Count the lines in the records below that contain the word "page", and reply with only that number.
DATA FOR REVIEW START
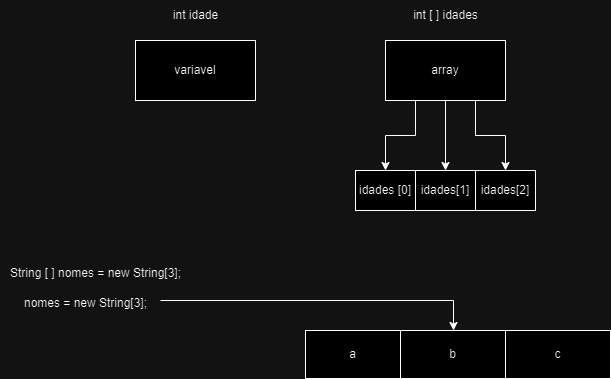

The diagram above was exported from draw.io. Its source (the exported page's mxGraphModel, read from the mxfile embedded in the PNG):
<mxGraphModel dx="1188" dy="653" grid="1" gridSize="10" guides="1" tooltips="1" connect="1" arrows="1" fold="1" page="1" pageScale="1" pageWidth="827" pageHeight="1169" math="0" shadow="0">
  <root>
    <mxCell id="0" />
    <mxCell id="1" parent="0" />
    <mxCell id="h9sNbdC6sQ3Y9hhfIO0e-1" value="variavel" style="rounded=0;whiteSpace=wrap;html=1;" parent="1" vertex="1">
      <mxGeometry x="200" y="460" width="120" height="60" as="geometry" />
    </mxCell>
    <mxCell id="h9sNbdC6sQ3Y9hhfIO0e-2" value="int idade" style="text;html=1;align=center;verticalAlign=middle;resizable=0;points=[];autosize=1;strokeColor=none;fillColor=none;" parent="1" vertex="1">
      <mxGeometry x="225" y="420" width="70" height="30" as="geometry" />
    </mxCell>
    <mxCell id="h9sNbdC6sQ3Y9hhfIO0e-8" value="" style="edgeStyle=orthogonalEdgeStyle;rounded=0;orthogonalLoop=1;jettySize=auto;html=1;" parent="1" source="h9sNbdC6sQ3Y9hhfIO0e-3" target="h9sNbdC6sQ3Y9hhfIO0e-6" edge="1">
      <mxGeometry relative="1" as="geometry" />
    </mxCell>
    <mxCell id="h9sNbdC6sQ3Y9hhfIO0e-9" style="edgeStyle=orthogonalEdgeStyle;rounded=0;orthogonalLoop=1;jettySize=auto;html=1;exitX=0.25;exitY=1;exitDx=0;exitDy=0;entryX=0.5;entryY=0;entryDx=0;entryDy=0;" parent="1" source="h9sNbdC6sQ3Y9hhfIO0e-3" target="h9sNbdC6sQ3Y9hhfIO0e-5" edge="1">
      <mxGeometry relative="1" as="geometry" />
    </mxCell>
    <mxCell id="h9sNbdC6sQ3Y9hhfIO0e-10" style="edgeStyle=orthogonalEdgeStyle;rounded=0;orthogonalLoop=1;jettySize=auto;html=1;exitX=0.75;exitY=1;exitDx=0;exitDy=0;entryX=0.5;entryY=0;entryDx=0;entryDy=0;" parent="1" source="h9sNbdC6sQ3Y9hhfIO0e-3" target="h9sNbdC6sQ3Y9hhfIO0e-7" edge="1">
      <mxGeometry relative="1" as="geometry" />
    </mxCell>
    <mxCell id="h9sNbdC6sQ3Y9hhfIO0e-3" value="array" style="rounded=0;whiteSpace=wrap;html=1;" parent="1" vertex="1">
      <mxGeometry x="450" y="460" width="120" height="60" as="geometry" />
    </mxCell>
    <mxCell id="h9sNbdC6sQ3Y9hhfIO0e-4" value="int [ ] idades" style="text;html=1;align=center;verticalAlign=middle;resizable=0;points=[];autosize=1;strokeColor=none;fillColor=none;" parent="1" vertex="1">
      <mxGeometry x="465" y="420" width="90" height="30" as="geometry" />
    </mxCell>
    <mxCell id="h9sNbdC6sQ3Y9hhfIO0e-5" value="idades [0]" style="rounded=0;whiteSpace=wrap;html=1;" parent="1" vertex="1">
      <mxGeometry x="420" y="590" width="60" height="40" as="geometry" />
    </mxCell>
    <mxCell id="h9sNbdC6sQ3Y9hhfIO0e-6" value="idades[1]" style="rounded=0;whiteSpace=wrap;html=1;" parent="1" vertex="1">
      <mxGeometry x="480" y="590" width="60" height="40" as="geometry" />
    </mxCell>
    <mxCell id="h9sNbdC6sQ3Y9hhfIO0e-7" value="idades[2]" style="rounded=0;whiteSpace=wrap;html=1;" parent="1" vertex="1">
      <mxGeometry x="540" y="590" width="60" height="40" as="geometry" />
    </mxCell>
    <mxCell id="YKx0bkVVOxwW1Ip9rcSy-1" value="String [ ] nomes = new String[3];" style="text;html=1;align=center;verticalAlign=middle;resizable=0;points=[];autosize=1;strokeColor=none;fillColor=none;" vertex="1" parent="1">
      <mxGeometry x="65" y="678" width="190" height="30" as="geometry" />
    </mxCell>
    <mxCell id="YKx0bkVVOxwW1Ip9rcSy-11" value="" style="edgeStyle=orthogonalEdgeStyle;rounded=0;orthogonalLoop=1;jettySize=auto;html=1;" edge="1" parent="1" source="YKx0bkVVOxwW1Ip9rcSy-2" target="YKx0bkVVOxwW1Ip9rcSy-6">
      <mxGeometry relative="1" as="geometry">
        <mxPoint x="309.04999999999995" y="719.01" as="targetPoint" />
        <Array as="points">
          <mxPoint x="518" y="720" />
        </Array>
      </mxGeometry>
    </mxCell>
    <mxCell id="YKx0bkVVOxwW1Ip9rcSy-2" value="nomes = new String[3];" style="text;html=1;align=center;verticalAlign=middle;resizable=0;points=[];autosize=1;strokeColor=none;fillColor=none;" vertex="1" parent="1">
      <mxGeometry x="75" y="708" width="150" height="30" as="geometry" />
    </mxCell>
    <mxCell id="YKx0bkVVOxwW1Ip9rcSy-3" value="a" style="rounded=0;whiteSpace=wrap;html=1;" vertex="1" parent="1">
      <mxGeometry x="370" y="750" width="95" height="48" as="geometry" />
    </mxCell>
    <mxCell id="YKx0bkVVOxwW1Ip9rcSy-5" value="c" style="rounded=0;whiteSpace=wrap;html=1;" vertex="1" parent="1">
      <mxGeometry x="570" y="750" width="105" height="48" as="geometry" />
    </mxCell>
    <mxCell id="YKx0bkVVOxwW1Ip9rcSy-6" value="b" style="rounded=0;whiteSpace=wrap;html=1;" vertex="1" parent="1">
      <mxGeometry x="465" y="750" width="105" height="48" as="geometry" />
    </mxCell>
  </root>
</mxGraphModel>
DATA FOR REVIEW END
--- ANSWER ---
2